# Shannon-Fano coding

## Main features

- statistic compression method
- two-pass compression method
- semi-adaptive compression method
- asymetric compression method
- the result compression is worse in comparison with Huffman coding
- optimality of output is not guaranteed

### Time and space complexities

**Time complexity of algorithm**: O(n + |Σ| * log|Σ|)

**Space complexity of algorithm**: O(|Σ|)
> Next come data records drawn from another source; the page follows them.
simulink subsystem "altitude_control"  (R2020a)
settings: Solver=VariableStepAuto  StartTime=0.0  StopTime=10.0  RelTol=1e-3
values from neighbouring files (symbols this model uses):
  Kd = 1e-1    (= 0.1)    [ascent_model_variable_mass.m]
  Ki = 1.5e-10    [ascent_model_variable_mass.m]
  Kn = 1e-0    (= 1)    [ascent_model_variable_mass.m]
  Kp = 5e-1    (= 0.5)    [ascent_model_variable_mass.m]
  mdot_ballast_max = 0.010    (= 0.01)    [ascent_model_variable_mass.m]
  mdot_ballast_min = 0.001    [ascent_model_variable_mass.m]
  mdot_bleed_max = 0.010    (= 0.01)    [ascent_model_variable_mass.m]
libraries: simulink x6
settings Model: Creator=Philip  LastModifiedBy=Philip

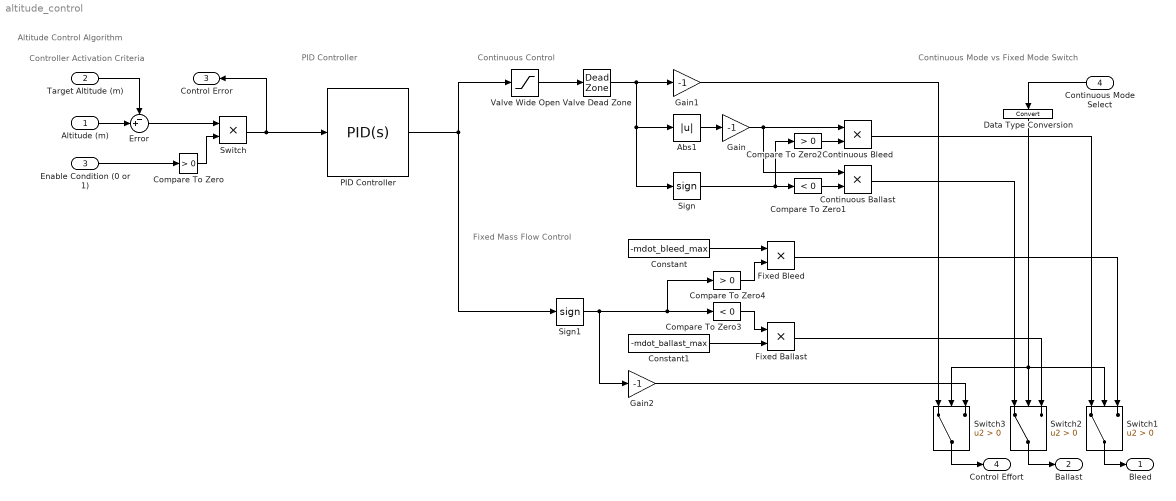
== system altitude_control ==
  note: Continuous Mode vs Fixed Mode Switch
  note: Fixed Mass Flow Control
  note: Altitude Control Algorithm
  note: Controller Activation Criteria
  note: PID Controller
  note: Continuous Control
  Altitude (m) : Inport
  Target Altitude (m) : Inport  Port=2
  Enable Condition (0 or 1) : Inport  Port=3
  Continuous Mode Select : Inport  Port=4
  Abs1 : Abs
  Compare To Zero : simulink/Logic and Bit Operations/Compare To Zero  relop=>  OutDataTypeStr=uint8
  Compare To Zero1 : simulink/Logic and Bit Operations/Compare To Zero  relop=<  OutDataTypeStr=uint8
  Compare To Zero2 : simulink/Logic and Bit Operations/Compare To Zero  relop=>  OutDataTypeStr=uint8
  Compare To Zero3 : simulink/Logic and Bit Operations/Compare To Zero  relop=<  OutDataTypeStr=uint8
  Compare To Zero4 : simulink/Logic and Bit Operations/Compare To Zero  relop=>  OutDataTypeStr=uint8
  Constant : Constant  Value=-mdot_bleed_max
  Constant1 : Constant  Value=-mdot_ballast_max
  Continuous Ballast : Product
  Continuous Bleed : Product
  Data Type Conversion : DataTypeConversion
  Error : Sum  Inputs=-+|
  Fixed Ballast : Product
  Fixed Bleed : Product
  Gain : Gain  Gain=-1
  Gain1 : Gain  Gain=-1
  Gain2 : Gain  Gain=-1
  PID Controller : simulink/Continuous/PID Controller  Controller=PID  Form=Parallel  TimeDomain=Continuous-time  UseExternalTs=off  SampleTime=-1  IntegratorMethod=Forward Euler  FilterMethod=Forward Euler  ControllerParametersSource=internal  P=Kp  I=Ki  D=Kd  UseFilter=on  N=Kn  TunerSelectOption=Transfer Function Based (PID Tuner App)  InitialConditionSource=internal  InitialConditionForIntegrator=0  InitialConditionForFilter=0  DifferentiatorICPrevScaledInput=0  ExternalReset=none  TrackingMode=off  Kt=1  LimitOutput=on  UpperSaturationLimit=mdot_bleed_max  LowerSaturationLimit=-mdot_ballast_max  LinearizeAsGain=on  AntiWindupMode=none  Kb=1  POutMin=[]  POutMax=[]  IOutMin=[]  IOutMax=[]  DOutMin=[]  DOutMax=[]  NOutMin=[]  NOutMax=[]  SumOutMin=[]  SumOutMax=[]  SaturationOutMin=[]  SaturationOutMax=[]  PParamMin=[]  PParamMax=[]  IParamMin=[]  IParamMax=[]  DParamMin=[]  DParamMax=[]  NParamMin=[]  NParamMax=[]  KbParamMin=[]  KbParamMax=[]  KtParamMin=[]  KtParamMax=[]  KbOutMin=[]  KbOutMax=[]  KtOutMin=[]  KtOutMax=[]  IntegratorOutMin=[]  IntegratorOutMax=[]  FilterOutMin=[]  FilterOutMax=[]  SumI1OutMin=[]  SumI1OutMax=[]  SumI2OutMin=[]  SumI2OutMax=[]  SumI3OutMin=[]  SumI3OutMax=[]  SumI4OutMin=[]  SumI4OutMax=[]  SumDOutMin=[]  SumDOutMax=[]  DifferentiatorOutMin=[]  DifferentiatorOutMax=[]  FilterDiffOutCoefMin=[]  FilterDiffOutCoefMax=[]  ReciprocalOutMin=[]  ReciprocalOutMax=[]  SumDenOutMin=[]  SumDenOutMax=[]  SumNumOutMin=[]  SumNumOutMax=[]  DivideOutMin=[]  DivideOutMax=[]  UdiffTsProdOutMin=[]  UdiffTsProdOutMax=[]  NTsProdOutMin=[]  NTsProdOutMax=[]  UintegralTsProdOutMin=[]  UintegralTsProdOutMax=[]  UngainTsProdOutMin=[]  UngainTsProdOutMax=[]  IntegratorContinuousStateAttributes=''  IntegratorStateMustResolveToSignalObject=off  IntegratorRTWStateStorageClass=Auto  FilterContinuousStateAttributes=''  FilterStateMustResolveToSignalObject=off  FilterRTWStateStorageClass=Auto  ParallelPVariant=InternalParameters  IdealPVariant=Disabled  IVariant=InternalParameters  DVariant=InternalParameters  IntegratorVariant=Continuous  SatVariant=Disabled  AWVariant=Passthrough  PCopyVariant=Disabled  TRVariant=Disabled  FdbkBlocksVariant=Forward  IdealPFdbkVariant=Disabled  SatFdbkVariant=Disabled  DerivativeFilterVariant=ContFilter  NVariant=InternalParameters  NCopyVariant=Disabled  FilterICVariant=InternalICsFilter  IntegratorICVariant=InternalICs  ExternalResetVariant=Disabled  TRSumVariant=Passthrough  SumFdbkVariant=Disabled  SumVariant=Sum_PID  TsampFilterVariant=InternalTs  TsampNgainVariant=Passthrough  TsampIntegralVariant=Passthrough
  Sign : Signum
  Sign1 : Signum
  Switch : Product
  Switch1 : Switch  Criteria=u2 > Threshold
  Switch2 : Switch  Criteria=u2 > Threshold
  Switch3 : Switch  Criteria=u2 > Threshold
  Valve Dead Zone : DeadZone  LowerValue=-mdot_ballast_min  UpperValue=mdot_bleed_min  SaturateOnIntegerOverflow=on
  Valve Wide Open : Saturate  UpperLimit=mdot_bleed_max  LowerLimit=-mdot_ballast_max
  Bleed : Outport
  Ballast : Outport  Port=2
  Control Error : Outport  Port=3
  Control Effort : Outport  Port=4
  wires:
  Compare To Zero1/1 -> Continuous Ballast/2
  Compare To Zero2/1 -> Continuous Bleed/2
  Abs1/1 -> Gain/1
  Compare To Zero/1 -> Switch/2
  Target Altitude (m)/1 -> Error/1
  Altitude (m)/1 -> Error/2
  Error/1 -> Switch/1
  Switch/1 -> PID Controller/1, Control Error/1
  Valve Wide Open/1 -> Valve Dead Zone/1
  Gain/1 -> Continuous Ballast/1, Continuous Bleed/1
  Sign/1 -> Compare To Zero1/1, Compare To Zero2/1
  Valve Dead Zone/1 -> Gain1/1, Abs1/1, Sign/1
  Enable Condition (0 or 1)/1 -> Compare To Zero/1
  PID Controller/1 -> Valve Wide Open/1, Sign1/1
  Compare To Zero3/1 -> Fixed Ballast/1
  Compare To Zero4/1 -> Fixed Bleed/2
  Fixed Bleed/1 -> Switch1/3
  Fixed Ballast/1 -> Switch2/3
  Sign1/1 -> Compare To Zero3/1, Compare To Zero4/1, Gain2/1
  Constant/1 -> Fixed Bleed/1
  Constant1/1 -> Fixed Ballast/2
  Gain1/1 -> Switch3/1
  Gain2/1 -> Switch3/3
  Switch3/1 -> Control Effort/1
  Switch2/1 -> Ballast/1
  Switch1/1 -> Bleed/1
  Continuous Bleed/1 -> Switch1/1
  Continuous Ballast/1 -> Switch2/1
  Continuous Mode Select/1 -> Data Type Conversion/1
  Data Type Conversion/1 -> Switch2/2, Switch3/2, Switch1/2

From description of the algorithm we can compute time and space complexity by dividing the problem into three phases. Time complexity of the first phase of computing counts of symbols appearance is linearly dependent on length of the input text. The next phase is ordering symbols, which is implementation dependent. The last phase is generating of the output. This also linearly depends on length of the input text. Space complexity grows linearly with the count of different symbols in the input string.

## History

This method dates from the year 1949. It was published by Claude Elwood Shannon (he is designated as the father of theory of information) with Warren Weaver and by Robert Mario Fano independently.

## Description

As it can be seen in pseudocode of this algorithm, there are two passes through an input data. Based on frequency of appearance of symbols in the input text, codes for each symbol are generated. Using a method from top to bottom, the prefix code of variable length is generated. First, symbols are ordered by counts of their appearance. Next, list of symbols is recursively divided into two parts of almost same frequency of symbols occurrence.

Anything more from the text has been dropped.